*About this exercise*:
In the data below, one line contains "#328=VECTOR('',#327,1.);" and a later one contains "#340=VERTEX_POINT('',#339);". Print both, with every line between them, exactly and alone.

◇ ◇ ◇ ◇ ◇ ◇ ◇

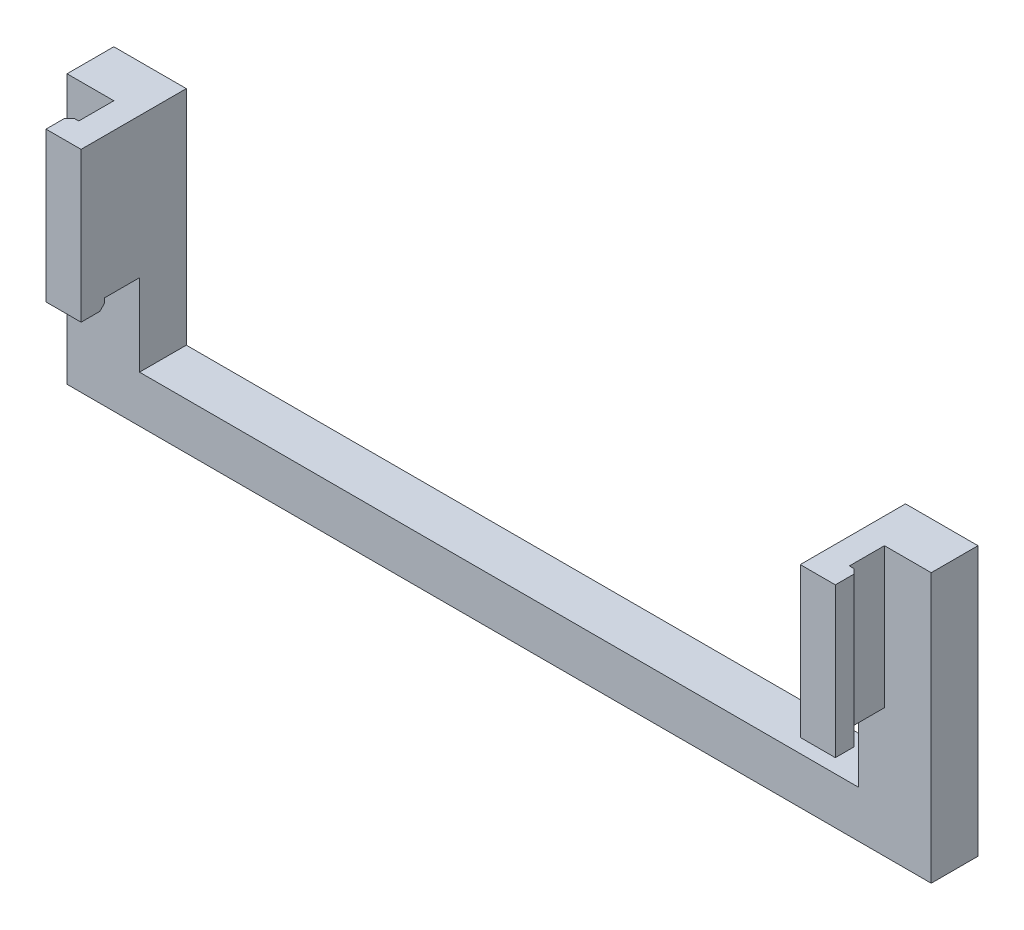
ISO-10303-21;
HEADER;
FILE_DESCRIPTION(('STEP AP214'),'2;1');
FILE_NAME('part.step','',(''),(''),'','','');
FILE_SCHEMA(('AUTOMOTIVE_DESIGN { 1 0 10303 214 1 1 1 1 }'));
ENDSEC;
DATA;
#1=APPLICATION_CONTEXT('core data for automotive mechanical design processes');
#2=APPLICATION_PROTOCOL_DEFINITION('international standard','automotive_design',2000,#1);
#3=PRODUCT_CONTEXT('',#1,'mechanical');
#4=PRODUCT('Part','Part','',(#3));
#5=PRODUCT_RELATED_PRODUCT_CATEGORY('part','',(#4));
#6=PRODUCT_DEFINITION_FORMATION('','',#4);
#7=PRODUCT_DEFINITION_CONTEXT('part definition',#1,'design');
#8=PRODUCT_DEFINITION('design','',#6,#7);
#9=PRODUCT_DEFINITION_SHAPE('','',#8);
#10=(LENGTH_UNIT() NAMED_UNIT(*) SI_UNIT(.MILLI.,.METRE.));
#11=(NAMED_UNIT(*) PLANE_ANGLE_UNIT() SI_UNIT($,.RADIAN.));
#12=(NAMED_UNIT(*) SI_UNIT($,.STERADIAN.) SOLID_ANGLE_UNIT());
#13=UNCERTAINTY_MEASURE_WITH_UNIT(LENGTH_MEASURE(1.E-05),#10,'distance_accuracy_value','');
#14=(GEOMETRIC_REPRESENTATION_CONTEXT(3) GLOBAL_UNCERTAINTY_ASSIGNED_CONTEXT((#13)) GLOBAL_UNIT_ASSIGNED_CONTEXT((#10,
#11,#12)) REPRESENTATION_CONTEXT('',''));
#15=CARTESIAN_POINT('',(0.,0.,0.));
#16=DIRECTION('',(0.,0.,1.));
#17=DIRECTION('',(1.,0.,0.));
#18=AXIS2_PLACEMENT_3D('',#15,#16,#17);
#19=CARTESIAN_POINT('',(0.,0.,0.));
#20=DIRECTION('',(0.,0.,-1.));
#21=DIRECTION('',(-1.,0.,0.));
#22=AXIS2_PLACEMENT_3D('',#19,#20,#21);
#23=PLANE('',#22);
#24=DIRECTION('',(1.,0.,0.));
#25=VECTOR('',#24,1.);
#26=CARTESIAN_POINT('',(296.806912390065,75.4547324301416,0.));
#27=LINE('',#26,#25);
#28=CARTESIAN_POINT('',(296.806912390065,75.4547324301416,0.));
#29=VERTEX_POINT('',#28);
#30=CARTESIAN_POINT('',(297.906988381274,75.4547324301416,0.));
#31=VERTEX_POINT('',#30);
#32=EDGE_CURVE('E260',#29,#31,#27,.T.);
#33=ORIENTED_EDGE('',*,*,#32,.F.);
#34=DIRECTION('',(0.,1.,0.));
#35=VECTOR('',#34,1.);
#36=CARTESIAN_POINT('',(296.806912390065,81.4554276026631,0.));
#37=LINE('',#36,#35);
#38=CARTESIAN_POINT('',(296.806912390065,71.9547324301416,0.));
#39=VERTEX_POINT('',#38);
#40=EDGE_CURVE('E306',#39,#29,#37,.T.);
#41=ORIENTED_EDGE('',*,*,#40,.F.);
#42=DIRECTION('',(1.,0.,0.));
#43=VECTOR('',#42,1.);
#44=CARTESIAN_POINT('',(296.806912390065,71.9547324301416,0.));
#45=LINE('',#44,#43);
#46=CARTESIAN_POINT('',(266.055906266466,71.9547324301416,0.));
#47=VERTEX_POINT('',#46);
#48=EDGE_CURVE('E310',#47,#39,#45,.T.);
#49=ORIENTED_EDGE('',*,*,#48,.F.);
#50=DIRECTION('',(0.,-1.,0.));
#51=VECTOR('',#50,1.);
#52=CARTESIAN_POINT('',(266.055906266466,81.4554276026631,0.));
#53=LINE('',#52,#51);
#54=CARTESIAN_POINT('',(266.055906266466,75.4547324301416,0.));
#55=VERTEX_POINT('',#54);
#56=EDGE_CURVE('E314',#55,#47,#53,.T.);
#57=ORIENTED_EDGE('',*,*,#56,.F.);
#58=DIRECTION('',(1.,0.,0.));
#59=VECTOR('',#58,1.);
#60=CARTESIAN_POINT('',(266.055906266466,75.4547324301416,0.));
#61=LINE('',#60,#59);
#62=CARTESIAN_POINT('',(264.955830275258,75.4547324301416,0.));
#63=VERTEX_POINT('',#62);
#64=EDGE_CURVE('E274',#63,#55,#61,.T.);
#65=ORIENTED_EDGE('',*,*,#64,.F.);
#66=DIRECTION('',(0.,-1.,0.));
#67=VECTOR('',#66,1.);
#68=CARTESIAN_POINT('',(264.955830275258,81.4554276026631,0.));
#69=LINE('',#68,#67);
#70=CARTESIAN_POINT('',(264.955830275258,81.4554276026631,0.));
#71=VERTEX_POINT('',#70);
#72=EDGE_CURVE('E279',#71,#63,#69,.T.);
#73=ORIENTED_EDGE('',*,*,#72,.F.);
#74=DIRECTION('',(1.,0.,0.));
#75=VECTOR('',#74,1.);
#76=CARTESIAN_POINT('',(262.955830275258,81.4554276026631,0.));
#77=LINE('',#76,#75);
#78=CARTESIAN_POINT('',(262.955830275258,81.4554276026631,0.));
#79=VERTEX_POINT('',#78);
#80=EDGE_CURVE('E317',#79,#71,#77,.T.);
#81=ORIENTED_EDGE('',*,*,#80,.F.);
#82=DIRECTION('',(0.,1.,0.));
#83=VECTOR('',#82,1.);
#84=CARTESIAN_POINT('',(262.955830275258,69.9547324301416,0.));
#85=LINE('',#84,#83);
#86=CARTESIAN_POINT('',(262.955830275258,69.9547324301416,0.));
#87=VERTEX_POINT('',#86);
#88=EDGE_CURVE('E321',#87,#79,#85,.T.);
#89=ORIENTED_EDGE('',*,*,#88,.F.);
#90=DIRECTION('',(-1.,0.,0.));
#91=VECTOR('',#90,1.);
#92=CARTESIAN_POINT('',(299.906988381274,69.9547324301416,0.));
#93=LINE('',#92,#91);
#94=CARTESIAN_POINT('',(299.906988381274,69.9547324301416,0.));
#95=VERTEX_POINT('',#94);
#96=EDGE_CURVE('E295',#95,#87,#93,.T.);
#97=ORIENTED_EDGE('',*,*,#96,.F.);
#98=DIRECTION('',(0.,-1.,0.));
#99=VECTOR('',#98,1.);
#100=CARTESIAN_POINT('',(299.906988381274,69.9547324301416,0.));
#101=LINE('',#100,#99);
#102=CARTESIAN_POINT('',(299.906988381274,81.4554276026631,0.));
#103=VERTEX_POINT('',#102);
#104=EDGE_CURVE('E300',#103,#95,#101,.T.);
#105=ORIENTED_EDGE('',*,*,#104,.F.);
#106=DIRECTION('',(1.,0.,0.));
#107=VECTOR('',#106,1.);
#108=CARTESIAN_POINT('',(296.806912390065,81.4554276026631,0.));
#109=LINE('',#108,#107);
#110=CARTESIAN_POINT('',(297.906988381274,81.4554276026631,0.));
#111=VERTEX_POINT('',#110);
#112=EDGE_CURVE('E304',#111,#103,#109,.T.);
#113=ORIENTED_EDGE('',*,*,#112,.F.);
#114=DIRECTION('',(0.,1.,0.));
#115=VECTOR('',#114,1.);
#116=CARTESIAN_POINT('',(297.906988381274,81.4554276026631,0.));
#117=LINE('',#116,#115);
#118=EDGE_CURVE('E256',#31,#111,#117,.T.);
#119=ORIENTED_EDGE('',*,*,#118,.F.);
#120=EDGE_LOOP('',(#33,#41,#49,#57,#65,#73,#81,#89,#97,#105,#113,#119));
#121=FACE_BOUND('',#120,.T.);
#122=ADVANCED_FACE('F35',(#121),#23,.F.);
#123=CARTESIAN_POINT('',(262.955830275258,69.9547324301416,-40.699535847695));
#124=DIRECTION('',(1.,0.,0.));
#125=DIRECTION('',(0.,0.,-1.));
#126=AXIS2_PLACEMENT_3D('',#123,#124,#125);
#127=PLANE('',#126);
#128=DIRECTION('',(0.,1.,0.));
#129=VECTOR('',#128,1.);
#130=CARTESIAN_POINT('',(262.955830275258,69.9547324301416,-2.));
#131=LINE('',#130,#129);
#132=CARTESIAN_POINT('',(262.955830275258,69.9547324301416,-2.));
#133=VERTEX_POINT('',#132);
#134=CARTESIAN_POINT('',(262.955830275258,81.4554276026631,-2.));
#135=VERTEX_POINT('',#134);
#136=EDGE_CURVE('E342',#133,#135,#131,.T.);
#137=ORIENTED_EDGE('',*,*,#136,.F.);
#138=DIRECTION('',(0.,0.,1.));
#139=VECTOR('',#138,1.);
#140=CARTESIAN_POINT('',(262.955830275258,69.9547324301416,-40.699535847695));
#141=LINE('',#140,#139);
#142=EDGE_CURVE('E286',#133,#87,#141,.T.);
#143=ORIENTED_EDGE('',*,*,#142,.T.);
#144=ORIENTED_EDGE('',*,*,#88,.T.);
#145=DIRECTION('',(0.,0.,1.));
#146=VECTOR('',#145,1.);
#147=CARTESIAN_POINT('',(262.955830275258,81.4554276026631,-40.699535847695));
#148=LINE('',#147,#146);
#149=EDGE_CURVE('E320',#135,#79,#148,.T.);
#150=ORIENTED_EDGE('',*,*,#149,.F.);
#151=EDGE_LOOP('',(#137,#143,#144,#150));
#152=FACE_BOUND('',#151,.T.);
#153=ADVANCED_FACE('F419',(#152),#127,.F.);
#154=CARTESIAN_POINT('',(262.955830275258,81.4554276026631,-40.699535847695));
#155=DIRECTION('',(0.,-1.,0.));
#156=DIRECTION('',(0.,0.,-1.));
#157=AXIS2_PLACEMENT_3D('',#154,#155,#156);
#158=PLANE('',#157);
#159=DIRECTION('',(-1.,0.,0.));
#160=VECTOR('',#159,1.);
#161=CARTESIAN_POINT('',(266.055906266466,81.4554276026631,1.5));
#162=LINE('',#161,#160);
#163=CARTESIAN_POINT('',(264.955830275258,81.4554276026631,1.5));
#164=VERTEX_POINT('',#163);
#165=CARTESIAN_POINT('',(264.755830275258,81.4554276026631,1.5));
#166=VERTEX_POINT('',#165);
#167=EDGE_CURVE('E235',#164,#166,#162,.T.);
#168=ORIENTED_EDGE('',*,*,#167,.T.);
#169=DIRECTION('',(-0.707106781186518,0.,0.707106781186577));
#170=VECTOR('',#169,1.);
#171=CARTESIAN_POINT('',(264.555830275258,81.4554276026631,1.69999999999999));
#172=LINE('',#171,#170);
#173=CARTESIAN_POINT('',(264.555830275258,81.4554276026631,1.69999999999999));
#174=VERTEX_POINT('',#173);
#175=EDGE_CURVE('E11',#166,#174,#172,.T.);
#176=ORIENTED_EDGE('',*,*,#175,.T.);
#177=DIRECTION('',(0.,0.,-1.));
#178=VECTOR('',#177,1.);
#179=CARTESIAN_POINT('',(264.555830275258,81.4554276026631,9.07412554420277));
#180=LINE('',#179,#178);
#181=CARTESIAN_POINT('',(264.555830275258,81.4554276026631,2.5));
#182=VERTEX_POINT('',#181);
#183=EDGE_CURVE('E237',#182,#174,#180,.T.);
#184=ORIENTED_EDGE('',*,*,#183,.F.);
#185=DIRECTION('',(-1.,0.,0.));
#186=VECTOR('',#185,1.);
#187=CARTESIAN_POINT('',(266.055906266466,81.4554276026631,2.5));
#188=LINE('',#187,#186);
#189=CARTESIAN_POINT('',(266.055906266466,81.4554276026631,2.5));
#190=VERTEX_POINT('',#189);
#191=EDGE_CURVE('E243',#190,#182,#188,.T.);
#192=ORIENTED_EDGE('',*,*,#191,.F.);
#193=DIRECTION('',(0.,0.,1.));
#194=VECTOR('',#193,1.);
#195=CARTESIAN_POINT('',(266.055906266466,81.4554276026631,-40.699535847695));
#196=LINE('',#195,#194);
#197=CARTESIAN_POINT('',(266.055906266466,81.4554276026631,-2.));
#198=VERTEX_POINT('',#197);
#199=EDGE_CURVE('E316',#198,#190,#196,.T.);
#200=ORIENTED_EDGE('',*,*,#199,.F.);
#201=DIRECTION('',(1.,0.,0.));
#202=VECTOR('',#201,1.);
#203=CARTESIAN_POINT('',(262.955830275258,81.4554276026631,-2.));
#204=LINE('',#203,#202);
#205=EDGE_CURVE('E339',#135,#198,#204,.T.);
#206=ORIENTED_EDGE('',*,*,#205,.F.);
#207=ORIENTED_EDGE('',*,*,#149,.T.);
#208=ORIENTED_EDGE('',*,*,#80,.T.);
#209=DIRECTION('',(0.,0.,-1.));
#210=VECTOR('',#209,1.);
#211=CARTESIAN_POINT('',(264.955830275258,81.4554276026631,7.60069747979323));
#212=LINE('',#211,#210);
#213=EDGE_CURVE('E282',#164,#71,#212,.T.);
#214=ORIENTED_EDGE('',*,*,#213,.F.);
#215=EDGE_LOOP('',(#168,#176,#184,#192,#200,#206,#207,#208,#214));
#216=FACE_BOUND('',#215,.T.);
#217=ADVANCED_FACE('F392',(#216),#158,.F.);
#218=CARTESIAN_POINT('',(266.055906266466,81.4554276026631,-40.699535847695));
#219=DIRECTION('',(-1.,0.,0.));
#220=DIRECTION('',(0.,0.,1.));
#221=AXIS2_PLACEMENT_3D('',#218,#219,#220);
#222=PLANE('',#221);
#223=DIRECTION('',(0.,0.,-1.));
#224=VECTOR('',#223,1.);
#225=CARTESIAN_POINT('',(266.055906266466,75.0547324301416,9.07412554420277));
#226=LINE('',#225,#224);
#227=CARTESIAN_POINT('',(266.055906266466,75.0547324301416,2.5));
#228=VERTEX_POINT('',#227);
#229=CARTESIAN_POINT('',(266.055906266466,75.0547324301416,1.69999999999999));
#230=VERTEX_POINT('',#229);
#231=EDGE_CURVE('E220',#228,#230,#226,.T.);
#232=ORIENTED_EDGE('',*,*,#231,.T.);
#233=DIRECTION('',(0.,0.707106781186518,-0.707106781186577));
#234=VECTOR('',#233,1.);
#235=CARTESIAN_POINT('',(266.055906266466,75.0547324301416,1.69999999999999));
#236=LINE('',#235,#234);
#237=CARTESIAN_POINT('',(266.055906266466,75.2547324301416,1.5));
#238=VERTEX_POINT('',#237);
#239=EDGE_CURVE('E371',#230,#238,#236,.T.);
#240=ORIENTED_EDGE('',*,*,#239,.T.);
#241=DIRECTION('',(0.,1.,0.));
#242=VECTOR('',#241,1.);
#243=CARTESIAN_POINT('',(266.055906266466,81.4554276026631,1.5));
#244=LINE('',#243,#242);
#245=CARTESIAN_POINT('',(266.055906266466,75.4547324301416,1.5));
#246=VERTEX_POINT('',#245);
#247=EDGE_CURVE('E223',#238,#246,#244,.T.);
#248=ORIENTED_EDGE('',*,*,#247,.T.);
#249=DIRECTION('',(0.,0.,-1.));
#250=VECTOR('',#249,1.);
#251=CARTESIAN_POINT('',(266.055906266466,75.4547324301416,7.60069747979323));
#252=LINE('',#251,#250);
#253=EDGE_CURVE('E266',#246,#55,#252,.T.);
#254=ORIENTED_EDGE('',*,*,#253,.T.);
#255=ORIENTED_EDGE('',*,*,#56,.T.);
#256=DIRECTION('',(0.,0.,1.));
#257=VECTOR('',#256,1.);
#258=CARTESIAN_POINT('',(266.055906266466,71.9547324301416,-40.699535847695));
#259=LINE('',#258,#257);
#260=CARTESIAN_POINT('',(266.055906266466,71.9547324301416,-2.));
#261=VERTEX_POINT('',#260);
#262=EDGE_CURVE('E313',#261,#47,#259,.T.);
#263=ORIENTED_EDGE('',*,*,#262,.F.);
#264=DIRECTION('',(0.,-1.,0.));
#265=VECTOR('',#264,1.);
#266=CARTESIAN_POINT('',(266.055906266466,81.4554276026631,-2.));
#267=LINE('',#266,#265);
#268=EDGE_CURVE('E336',#198,#261,#267,.T.);
#269=ORIENTED_EDGE('',*,*,#268,.F.);
#270=ORIENTED_EDGE('',*,*,#199,.T.);
#271=DIRECTION('',(0.,1.,0.));
#272=VECTOR('',#271,1.);
#273=CARTESIAN_POINT('',(266.055906266466,81.4554276026631,2.5));
#274=LINE('',#273,#272);
#275=EDGE_CURVE('E246',#228,#190,#274,.T.);
#276=ORIENTED_EDGE('',*,*,#275,.F.);
#277=EDGE_LOOP('',(#232,#240,#248,#254,#255,#263,#269,#270,#276));
#278=FACE_BOUND('',#277,.T.);
#279=ADVANCED_FACE('F401',(#278),#222,.F.);
#280=CARTESIAN_POINT('',(296.806912390065,71.9547324301416,-40.699535847695));
#281=DIRECTION('',(0.,-1.,0.));
#282=DIRECTION('',(0.,0.,-1.));
#283=AXIS2_PLACEMENT_3D('',#280,#281,#282);
#284=PLANE('',#283);
#285=DIRECTION('',(1.,0.,0.));
#286=VECTOR('',#285,1.);
#287=CARTESIAN_POINT('',(296.806912390065,71.9547324301416,-2.));
#288=LINE('',#287,#286);
#289=CARTESIAN_POINT('',(296.806912390065,71.9547324301416,-2.));
#290=VERTEX_POINT('',#289);
#291=EDGE_CURVE('E333',#261,#290,#288,.T.);
#292=ORIENTED_EDGE('',*,*,#291,.F.);
#293=ORIENTED_EDGE('',*,*,#262,.T.);
#294=ORIENTED_EDGE('',*,*,#48,.T.);
#295=DIRECTION('',(0.,0.,1.));
#296=VECTOR('',#295,1.);
#297=CARTESIAN_POINT('',(296.806912390065,71.9547324301416,-40.699535847695));
#298=LINE('',#297,#296);
#299=EDGE_CURVE('E309',#290,#39,#298,.T.);
#300=ORIENTED_EDGE('',*,*,#299,.F.);
#301=EDGE_LOOP('',(#292,#293,#294,#300));
#302=FACE_BOUND('',#301,.T.);
#303=ADVANCED_FACE('F428',(#302),#284,.F.);
#304=CARTESIAN_POINT('',(296.806912390065,81.4554276026631,-40.699535847695));
#305=DIRECTION('',(1.,0.,0.));
#306=DIRECTION('',(0.,0.,-1.));
#307=AXIS2_PLACEMENT_3D('',#304,#305,#306);
#308=PLANE('',#307);
#309=DIRECTION('',(0.,-1.,0.));
#310=VECTOR('',#309,1.);
#311=CARTESIAN_POINT('',(296.806912390065,81.4554276026631,1.5));
#312=LINE('',#311,#310);
#313=CARTESIAN_POINT('',(296.806912390065,75.4547324301416,1.5));
#314=VERTEX_POINT('',#313);
#315=CARTESIAN_POINT('',(296.806912390065,75.2547324301417,1.5));
#316=VERTEX_POINT('',#315);
#317=EDGE_CURVE('E227',#314,#316,#312,.T.);
#318=ORIENTED_EDGE('',*,*,#317,.T.);
#319=DIRECTION('',(0.,0.707106781186542,-0.707106781186553));
#320=VECTOR('',#319,1.);
#321=CARTESIAN_POINT('',(296.806912390065,75.0547324301417,1.70000000000001));
#322=LINE('',#321,#320);
#323=CARTESIAN_POINT('',(296.806912390065,75.0547324301417,1.70000000000001));
#324=VERTEX_POINT('',#323);
#325=EDGE_CURVE('E366',#316,#324,#322,.F.);
#326=ORIENTED_EDGE('',*,*,#325,.T.);
#327=DIRECTION('',(0.,0.,-1.));
#328=VECTOR('',#327,1.);
#329=CARTESIAN_POINT('',(296.806912390065,75.0547324301417,9.07412554420277));
#330=LINE('',#329,#328);
#331=CARTESIAN_POINT('',(296.806912390065,75.0547324301417,2.5));
#332=VERTEX_POINT('',#331);
#333=EDGE_CURVE('E231',#332,#324,#330,.T.);
#334=ORIENTED_EDGE('',*,*,#333,.F.);
#335=DIRECTION('',(0.,-1.,0.));
#336=VECTOR('',#335,1.);
#337=CARTESIAN_POINT('',(296.806912390065,81.4554276026631,2.5));
#338=LINE('',#337,#336);
#339=CARTESIAN_POINT('',(296.806912390065,81.4554276026631,2.5));
#340=VERTEX_POINT('',#339);
#341=EDGE_CURVE('E215',#340,#332,#338,.T.);
#342=ORIENTED_EDGE('',*,*,#341,.F.);
#343=DIRECTION('',(0.,0.,1.));
#344=VECTOR('',#343,1.);
#345=CARTESIAN_POINT('',(296.806912390065,81.4554276026631,-40.699535847695));
#346=LINE('',#345,#344);
#347=CARTESIAN_POINT('',(296.806912390065,81.4554276026631,-2.));
#348=VERTEX_POINT('',#347);
#349=EDGE_CURVE('E211',#348,#340,#346,.T.);
#350=ORIENTED_EDGE('',*,*,#349,.F.);
#351=DIRECTION('',(0.,1.,0.));
#352=VECTOR('',#351,1.);
#353=CARTESIAN_POINT('',(296.806912390065,81.4554276026631,-2.));
#354=LINE('',#353,#352);
#355=EDGE_CURVE('E330',#290,#348,#354,.T.);
#356=ORIENTED_EDGE('',*,*,#355,.F.);
#357=ORIENTED_EDGE('',*,*,#299,.T.);
#358=ORIENTED_EDGE('',*,*,#40,.T.);
#359=DIRECTION('',(0.,0.,-1.));
#360=VECTOR('',#359,1.);
#361=CARTESIAN_POINT('',(296.806912390065,75.4547324301416,7.60069747979323));
#362=LINE('',#361,#360);
#363=EDGE_CURVE('E242',#314,#29,#362,.T.);
#364=ORIENTED_EDGE('',*,*,#363,.F.);
#365=EDGE_LOOP('',(#318,#326,#334,#342,#350,#356,#357,#358,#364));
#366=FACE_BOUND('',#365,.T.);
#367=ADVANCED_FACE('F430',(#366),#308,.F.);
#368=CARTESIAN_POINT('',(296.806912390065,81.4554276026631,-40.699535847695));
#369=DIRECTION('',(0.,-1.,0.));
#370=DIRECTION('',(0.,0.,-1.));
#371=AXIS2_PLACEMENT_3D('',#368,#369,#370);
#372=PLANE('',#371);
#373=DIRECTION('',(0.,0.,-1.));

◇ ◇ ◇ ◇ ◇ ◇ ◇

*Completed exercise*:
#328=VECTOR('',#327,1.);
#329=CARTESIAN_POINT('',(296.806912390065,75.0547324301417,9.07412554420277));
#330=LINE('',#329,#328);
#331=CARTESIAN_POINT('',(296.806912390065,75.0547324301417,2.5));
#332=VERTEX_POINT('',#331);
#333=EDGE_CURVE('E231',#332,#324,#330,.T.);
#334=ORIENTED_EDGE('',*,*,#333,.F.);
#335=DIRECTION('',(0.,-1.,0.));
#336=VECTOR('',#335,1.);
#337=CARTESIAN_POINT('',(296.806912390065,81.4554276026631,2.5));
#338=LINE('',#337,#336);
#339=CARTESIAN_POINT('',(296.806912390065,81.4554276026631,2.5));
#340=VERTEX_POINT('',#339);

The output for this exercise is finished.